Tag Archives: Reince Priebus

WH chief of staff gets a dose of Trump

Donald Trump selected Mick Mulvaney to be the acting White House chief of staff to succeed John Kelly, who resigned far ahead of his announced timetable.

Mulvaney, who runs the Office of Management and Budget in his real day job, said upon his hiring that he planned to “let Trump be Trump.” He had no intention, or so he implied, of reeling in the president while trying to prevent him from some of his more impulsive behavior.

Well, it’s being reported that Mulvaney got a serious dose of the real Donald Trump during a White House meeting with Democratic congressional leaders. The group met ostensibly to find a way to reopen the government, which has been shut down partially for three weeks.

Trump reportedly dressed Mulvaney down in front of those congressional leaders, telling him to “Stop, stop, just stop. What are you doing? You’re f***ing it all up, MIck.”

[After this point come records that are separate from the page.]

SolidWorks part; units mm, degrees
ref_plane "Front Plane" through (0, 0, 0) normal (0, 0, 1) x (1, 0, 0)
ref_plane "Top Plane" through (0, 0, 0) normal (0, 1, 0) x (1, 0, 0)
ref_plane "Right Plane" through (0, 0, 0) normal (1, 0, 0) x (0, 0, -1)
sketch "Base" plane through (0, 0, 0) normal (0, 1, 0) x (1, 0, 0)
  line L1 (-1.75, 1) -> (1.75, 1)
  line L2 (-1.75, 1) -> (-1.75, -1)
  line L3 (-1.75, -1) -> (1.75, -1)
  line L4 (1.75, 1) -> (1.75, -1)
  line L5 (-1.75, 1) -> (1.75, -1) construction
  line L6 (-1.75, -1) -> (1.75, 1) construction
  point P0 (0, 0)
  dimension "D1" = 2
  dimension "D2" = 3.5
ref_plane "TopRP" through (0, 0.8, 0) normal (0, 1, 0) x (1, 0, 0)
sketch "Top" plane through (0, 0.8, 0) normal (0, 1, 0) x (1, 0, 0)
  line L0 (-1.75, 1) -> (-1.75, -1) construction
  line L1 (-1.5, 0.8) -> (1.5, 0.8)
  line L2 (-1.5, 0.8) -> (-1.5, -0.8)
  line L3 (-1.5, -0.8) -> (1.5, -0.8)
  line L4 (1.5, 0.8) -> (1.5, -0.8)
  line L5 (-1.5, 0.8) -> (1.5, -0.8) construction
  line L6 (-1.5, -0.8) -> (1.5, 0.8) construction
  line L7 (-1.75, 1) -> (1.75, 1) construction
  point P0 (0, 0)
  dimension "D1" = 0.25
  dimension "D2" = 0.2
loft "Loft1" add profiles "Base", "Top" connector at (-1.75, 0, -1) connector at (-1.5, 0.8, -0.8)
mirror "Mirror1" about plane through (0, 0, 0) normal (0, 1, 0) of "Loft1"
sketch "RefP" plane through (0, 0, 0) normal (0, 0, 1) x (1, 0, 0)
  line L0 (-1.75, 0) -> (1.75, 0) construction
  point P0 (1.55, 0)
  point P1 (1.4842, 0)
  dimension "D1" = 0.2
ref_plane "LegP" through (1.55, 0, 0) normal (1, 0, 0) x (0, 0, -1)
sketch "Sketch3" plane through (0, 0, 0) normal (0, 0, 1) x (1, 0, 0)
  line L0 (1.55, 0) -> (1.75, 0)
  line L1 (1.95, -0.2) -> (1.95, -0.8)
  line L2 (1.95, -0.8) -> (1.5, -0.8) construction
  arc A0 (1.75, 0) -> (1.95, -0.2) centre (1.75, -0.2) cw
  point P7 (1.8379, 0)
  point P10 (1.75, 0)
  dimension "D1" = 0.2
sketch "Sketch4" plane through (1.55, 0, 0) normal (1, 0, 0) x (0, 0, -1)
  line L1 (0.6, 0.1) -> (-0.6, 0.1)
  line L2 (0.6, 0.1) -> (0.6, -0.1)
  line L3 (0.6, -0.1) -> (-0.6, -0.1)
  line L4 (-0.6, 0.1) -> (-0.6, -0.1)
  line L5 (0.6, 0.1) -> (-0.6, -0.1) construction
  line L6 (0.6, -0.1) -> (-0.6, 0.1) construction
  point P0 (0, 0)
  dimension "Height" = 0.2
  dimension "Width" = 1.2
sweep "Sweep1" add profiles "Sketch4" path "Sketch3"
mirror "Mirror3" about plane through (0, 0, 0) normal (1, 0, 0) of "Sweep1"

There you go. That’s Trump being Trump, per the White House chief of staff’s stated desire. Is this what he really intended when he took the job on an “acting” basis? I think not.

Don’t misconstrue me here. I don’t feel sorry for Mulvaney. He’s a grownup who likely knew about the loony bin into which he was entering when he agreed to run the White House staff.

Still, what I find astounding is that the president of the United States would (allegedly) treat the chief of staff in that fashion in front of a roomful of politicians and other staffers. Then again, given the president’s lack of decorum or dignity at any level, perhaps I shouldn’t be surprised at all!

The White House chief of staff once was considered the plum of plum jobs in D.C. No longer. Not for as long as Donald Trump is president of the United States. He’s already burned through two chiefs of staff, Kelly and before him Reince Priebus. Kelly was brought in to bring a sense of order after Priebus was canned; indeed, Priebus couldn’t control the traffic in the Oval Office, just inflaming the chaos that dictates the flow within the White House.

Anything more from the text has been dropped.